Hey there cycleing world, I've got a question regaurding purchasing a road bike. I currently am riding a Raleigh Talus 3.0 mountain bike, and 20 miles on a mountain bike SUCKS....lol I've found a guy selling a Trek 2300 Carbon fiber bike, it has finger shifters, and a few other modification/upgrades, but he's wanting to sell it for $600. I saw the bike yesterday and he informs me he believes the bike was made in 1999! is $600 way to much to pay for a bike that is this old? it seems to be in very good condition, with the exception of the clear coat has come off in a few spots where the carbon fiber meets the aluminum joints. Any help would be greatly appreciated, I just don't want to be a sucka and over pay for a bike that was made when Clinton was still getting bj's in the oval office........lol

Thank's Chris


----------



## Oracle7775 (Sep 16, 2009)

Probably yes, depending on the quality of the modifications/upgrades.

Wear around the joints would concern me, although many swear by the longevity of those frames. See: http://forums.roadbikereview.com/showthread.php?t=58278

For comparison's sake, someone from my area is selling a 2300 with original components on Craigslist for $300: http://milwaukee.craigslist.org/bik/2518654156.html

Do a search of past threads; there are a few talking about the merits of buying that frame.


----------



## Blackss06 (Feb 26, 2011)

I wouldn't pay that much for it, but I guess it really depends what's on it.


----------



## bseracka (Jun 25, 2009)

If you're new to riding and road frames you may want to stay away from the older bonded joint frames unless you know what you're looking at.
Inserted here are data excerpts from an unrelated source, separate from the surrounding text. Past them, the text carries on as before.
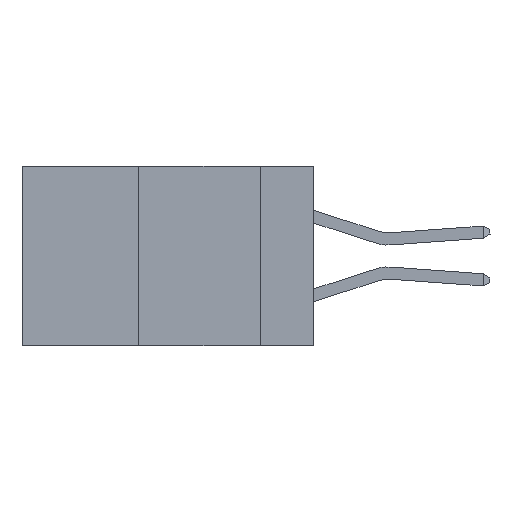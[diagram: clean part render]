
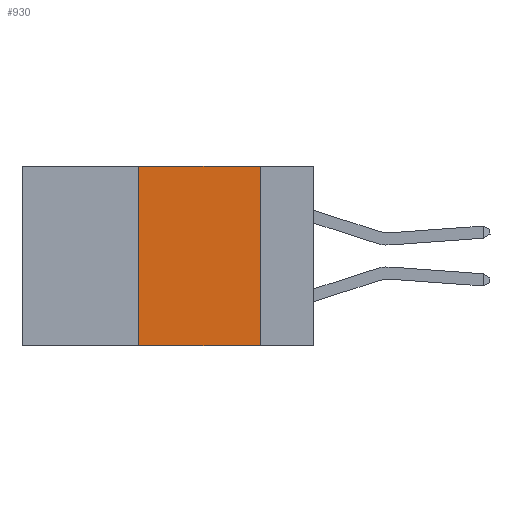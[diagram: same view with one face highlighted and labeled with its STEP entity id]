
A CAD part, left-side view. The second image highlights one B-rep face of the part: STEP entity #930.
In plain terms, the highlighted planar face has unit normal (-1, 0, 0).
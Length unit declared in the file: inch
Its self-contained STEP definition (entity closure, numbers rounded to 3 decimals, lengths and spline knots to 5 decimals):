
#930 = ADVANCED_FACE ( 'NONE', ( #2168 ), #18531, .F. ) ;
#2168 = FACE_OUTER_BOUND ( 'NONE', #17952, .T. ) ;
#4571 = LINE ( 'NONE', #14853, #8238 ) ;
#4630 = ORIENTED_EDGE ( 'NONE', *, *, #5273, .T. ) ;
#4819 = EDGE_CURVE ( 'NONE', #21815, #14370, #5020, .T. ) ;
#5020 = LINE ( 'NONE', #20644, #11231 ) ;
#5273 = EDGE_CURVE ( 'NONE', #21815, #8486, #13429, .T. ) ;
#5906 = CARTESIAN_POINT ( 'NONE',  ( 0., 0.6, -0.37 ) ) ;
#6174 = ORIENTED_EDGE ( 'NONE', *, *, #9558, .F. ) ;
#6231 = DIRECTION ( 'NONE',  ( 0., -1., 0. ) ) ;
#7405 = DIRECTION ( 'NONE',  ( 0., 0., -1. ) ) ;
#8238 = VECTOR ( 'NONE', #7405, 39.37008 ) ;
#8486 = VERTEX_POINT ( 'NONE', #20584 ) ;
#9410 = ORIENTED_EDGE ( 'NONE', *, *, #4819, .F. ) ;
#9558 = EDGE_CURVE ( 'NONE', #14370, #19444, #17281, .T. ) ;
#11231 = VECTOR ( 'NONE', #22723, 39.37008 ) ;
#11322 = DIRECTION ( 'NONE',  ( 0., 0., -1. ) ) ;
#12692 = AXIS2_PLACEMENT_3D ( 'NONE', #16574, #16500, #11322 ) ;
#13429 = LINE ( 'NONE', #5906, #18782 ) ;
#14370 = VERTEX_POINT ( 'NONE', #19227 ) ;
#14853 = CARTESIAN_POINT ( 'NONE',  ( 0., 0.11, 0. ) ) ;
#15374 = CARTESIAN_POINT ( 'NONE',  ( 0., 0.6, 0. ) ) ;
#16500 = DIRECTION ( 'NONE',  ( 1., 0., 0. ) ) ;
#16574 = CARTESIAN_POINT ( 'NONE',  ( 0., 0.6, 0. ) ) ;
#17281 = LINE ( 'NONE', #15374, #21848 ) ;
#17952 = EDGE_LOOP ( 'NONE', ( #18896, #6174, #9410, #4630 ) ) ;
#18531 = PLANE ( 'NONE',  #12692 ) ;
#18782 = VECTOR ( 'NONE', #6231, 39.37008 ) ;
#18896 = ORIENTED_EDGE ( 'NONE', *, *, #21686, .F. ) ;
#19126 = CARTESIAN_POINT ( 'NONE',  ( 0., 0.36, -0.37 ) ) ;
#19157 = DIRECTION ( 'NONE',  ( 0., -1., 0. ) ) ;
#19227 = CARTESIAN_POINT ( 'NONE',  ( 0., 0.36, 0. ) ) ;
#19444 = VERTEX_POINT ( 'NONE', #20869 ) ;
#20584 = CARTESIAN_POINT ( 'NONE',  ( 0., 0.11, -0.37 ) ) ;
#20644 = CARTESIAN_POINT ( 'NONE',  ( 0., 0.36, 0. ) ) ;
#20869 = CARTESIAN_POINT ( 'NONE',  ( 0., 0.11, 0. ) ) ;
#21686 = EDGE_CURVE ( 'NONE', #19444, #8486, #4571, .T. ) ;
#21815 = VERTEX_POINT ( 'NONE', #19126 ) ;
#21848 = VECTOR ( 'NONE', #19157, 39.37008 ) ;
#22723 = DIRECTION ( 'NONE',  ( 0., 0., 1. ) ) ;

Some of those frames came unbonded at the lugs (dangerous) and carbon fibre can be easily damaged though not easily seen which can lead to tube failure. If this is your first foray into a road bike going used is a great thing, assuming the bike fits. You may want to go with a steel or aluminum frame in the beginning (based on preceived price range).


----------



## Milk-Bone (Jul 10, 2011)

No way in hell would I drop $600 on a bike that old no matter what mods the seller claims to have made. A used bike is a used bike and if you don't get it for next to nothing you are wasting your time and money. If the bike has been abused and has some hidden stress cracks you will be screwed. Get it for as little as possible, meaning the amount of money you can comfortable flush down the toilet without a second thought or simply buy a new bike with a lifetime warranty on the frame. If you got it for $200 it might be worth it.


----------



## taki5 (Mar 7, 2011)

I have a 1999 Trek 2300, and I can assure you that it isnt carbon fiber. it is aluminum with a carbon fork.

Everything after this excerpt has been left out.